A tribute to her father’s combat days in WWII, Rosanne Ehrlich’s “Dear Babe” is a personal documentary that consists of letters written by him to his wife from 1943 to 1945.
Compelling and moving in moments, but basically unexciting, docu has slight commercial prospects; trimming of 20 minutes or so should facilitate showing on PBS and other venues.
In December 1943, Ehrlich’s father joined the War effort, leaving behind a pregnant wife and a young daughter. For two years, he wrote to his wife Hazel on a daily basis, conveying his love for her, though never repeating the same expression.
The letters, which are chronologically narrated, provide an interesting testimony of his basic training and combat in Europe, culminating in the liberation of the Ohrdruf concentration camp. As is often the case with such docus, the letters vary greatly in emotional intensity and interest, both personal and political.
The revelatory ones do offer a fascinating chronicle of the gradual, if inevitable transformation of an idealistic Jewish-American soldier, who joined the army to fight fascism, to a cynical, disillusioned man, who had witnessed the horror and insanity of war through the Holocaust.
While these ordinary communications serve as the story’s spine, also interspersed in the narrative are interviews with Babe herself, now an octogenarian who’s still elegant and lucid. Ehrlich’s brother Paul is briefly on-camera too, though neither he nor Hazel provide recollections that go much beyond the contents of the letters themselves.

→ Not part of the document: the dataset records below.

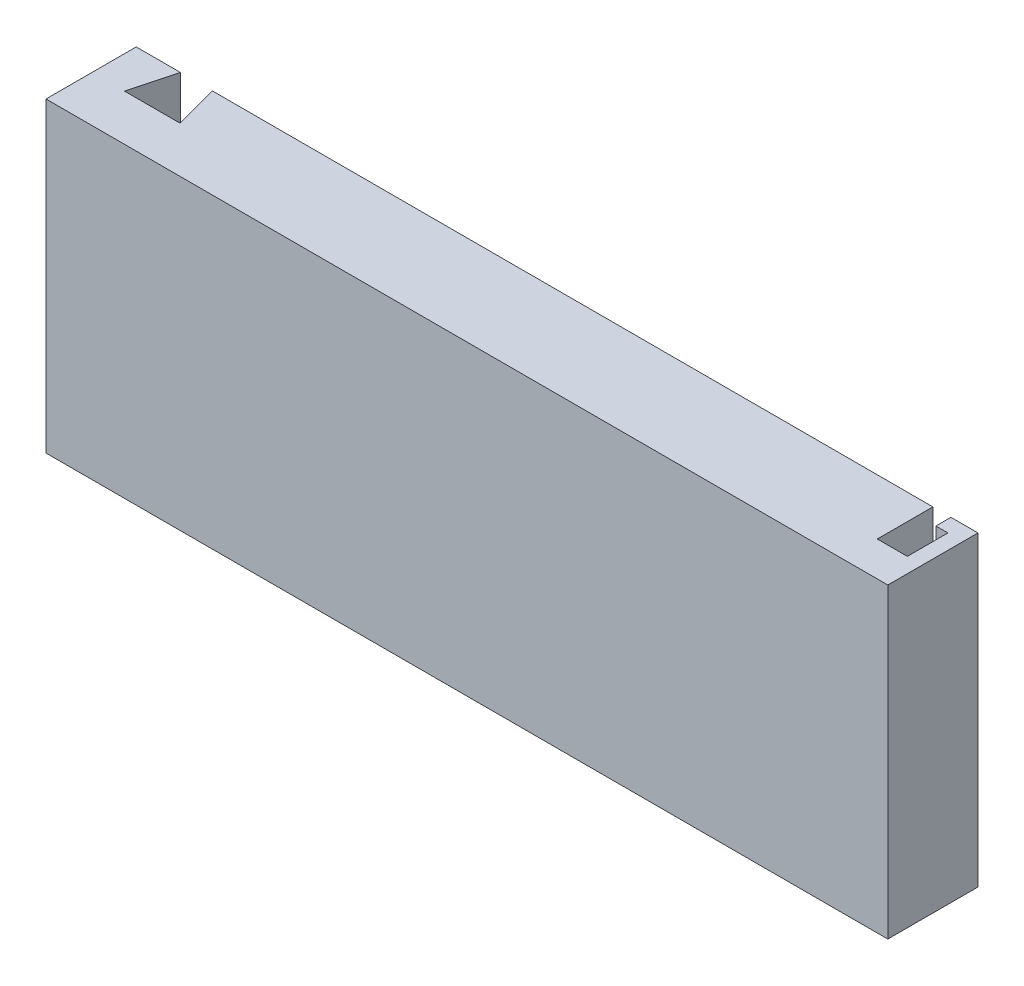
SolidWorks part; units mm, degrees
ref_plane "Front Plane" through (0, 0, 0) normal (0, 0, 1) x (1, 0, 0)
ref_plane "Top Plane" through (0, 0, 0) normal (0, 1, 0) x (1, 0, 0)
ref_plane "Right Plane" through (0, 0, 0) normal (1, 0, 0) x (0, 0, -1)
sketch "Sketch1" plane through (0, 0, 0) normal (0, 0, 1) x (1, 0, 0)
  line L1 (-60.9366, 28.6127) -> (79.0634, 28.6127)
  line L2 (-60.9366, 28.6127) -> (-60.9366, -22.3873)
  line L3 (-60.9366, -22.3873) -> (79.0634, -22.3873)
  line L4 (79.0634, 28.6127) -> (79.0634, -22.3873)
  dimension "D1" = 51
  dimension "D2" = 140
extrude "Boss-Extrude1" add sketch "Sketch1" along normal blind 15
sketch "Sketch2" plane through (0, 28.6127, 0) normal (0, 1, 0) x (1, 0, 0)
  line L0 (79.0634, 0) -> (74.5634, 0)
  line L6 (79.0634, 0) -> (-60.9366, 0) construction
  line L7 (74.5634, 0) -> (71.5634, 0)
  line L8 (71.5634, 0) -> (71.5634, -2.5)
  line L9 (71.5634, -2.5) -> (71.5634, -9.25)
  line L10 (71.5634, -9.25) -> (76.5634, -9.25)
  line L11 (74.5634, 0) -> (74.5634, -2.5)
  line L12 (74.5634, -2.5) -> (76.5634, -2.5)
  line L13 (76.5634, -2.5) -> (76.5634, -9.25)
  line M13 (79.0634, 0) -> (-60.9366, 0)
  dimension "D1" = 4.5
  dimension "D2" = 3
  dimension "D3" = 2.5
  dimension "D4" = 6.75
  dimension "D5" = 5
extrude "Cut-Extrude1" cut sketch "Sketch2" against normal through all contours L13 L12 L11 L8 L9 L10 M13
sketch "Sketch3" plane through (0, 28.6127, 0) normal (0, 1, 0) x (1, 0, 0)
  line L0 (-60.9366, 0) -> (-53.5866, 0)
  line L2 (71.5634, 0) -> (-60.9366, 0) construction
  line L3 (-53.5866, 0) -> (-55.5536, -7.341)
  line L4 (-55.5536, -7.341) -> (-46.3196, -7.341)
  line L5 (-46.3196, -7.341) -> (-48.2866, 0)
  dimension "D1" = 7.35
  dimension "D2" = 105
  dimension "D3" = 105
  dimension "D4" = 75
  dimension "D5" = 75
  dimension "D6" = 7.6
  dimension "D7" = 7.6
  dimension "D8" = 5.3
  dimension "D9" = 9.234
extrude "Cut-Extrude2" cut sketch "Sketch3" against normal blind 26 and the other way through all
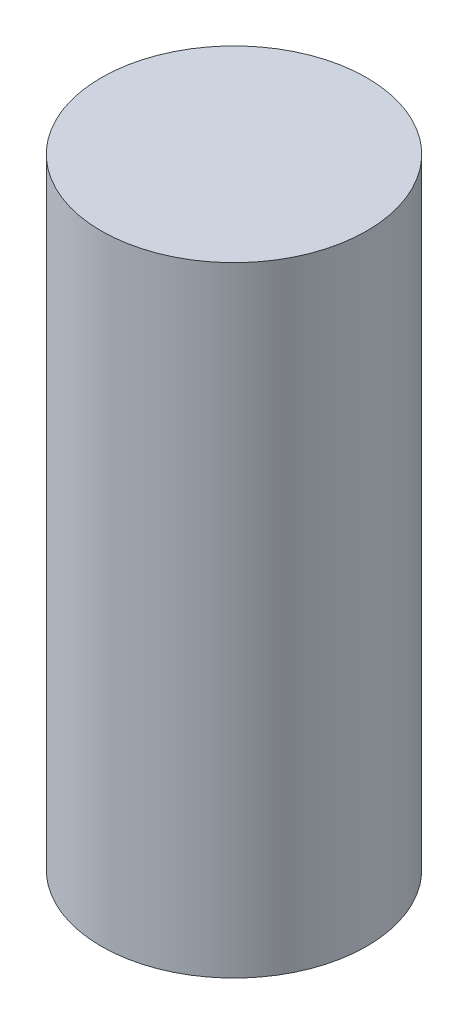
SolidWorks part; units mm, degrees
ref_plane "Front Plane" through (0, 0, 0) normal (0, 0, 1) x (1, 0, 0)
ref_plane "Top Plane" through (0, 0, 0) normal (0, 1, 0) x (1, 0, 0)
ref_plane "Right Plane" through (0, 0, 0) normal (1, 0, 0) x (0, 0, -1)
sketch "Sketch1" plane through (0, 0, 0) normal (0, 1, 0) x (1, 0, 0)
  circle A0 centre (0, 0) radius 19.05
  dimension "D1" = 38.1
extrude "Boss-Extrude1" add sketch "Sketch1" along normal blind 88.9

Chief problems are docu’s repetitive structure and the uninspiring readings of letters, which always began with “Dear Babe.” Authentic footage from WWII provides much-needed visual corollary to texts that are often routine.
The film also suffers from an excessive running time: Subtle trimming, focusing on the more illuminating letters, could profitable reduce the running time to a more desirable 60 instead of the current 82 minutes.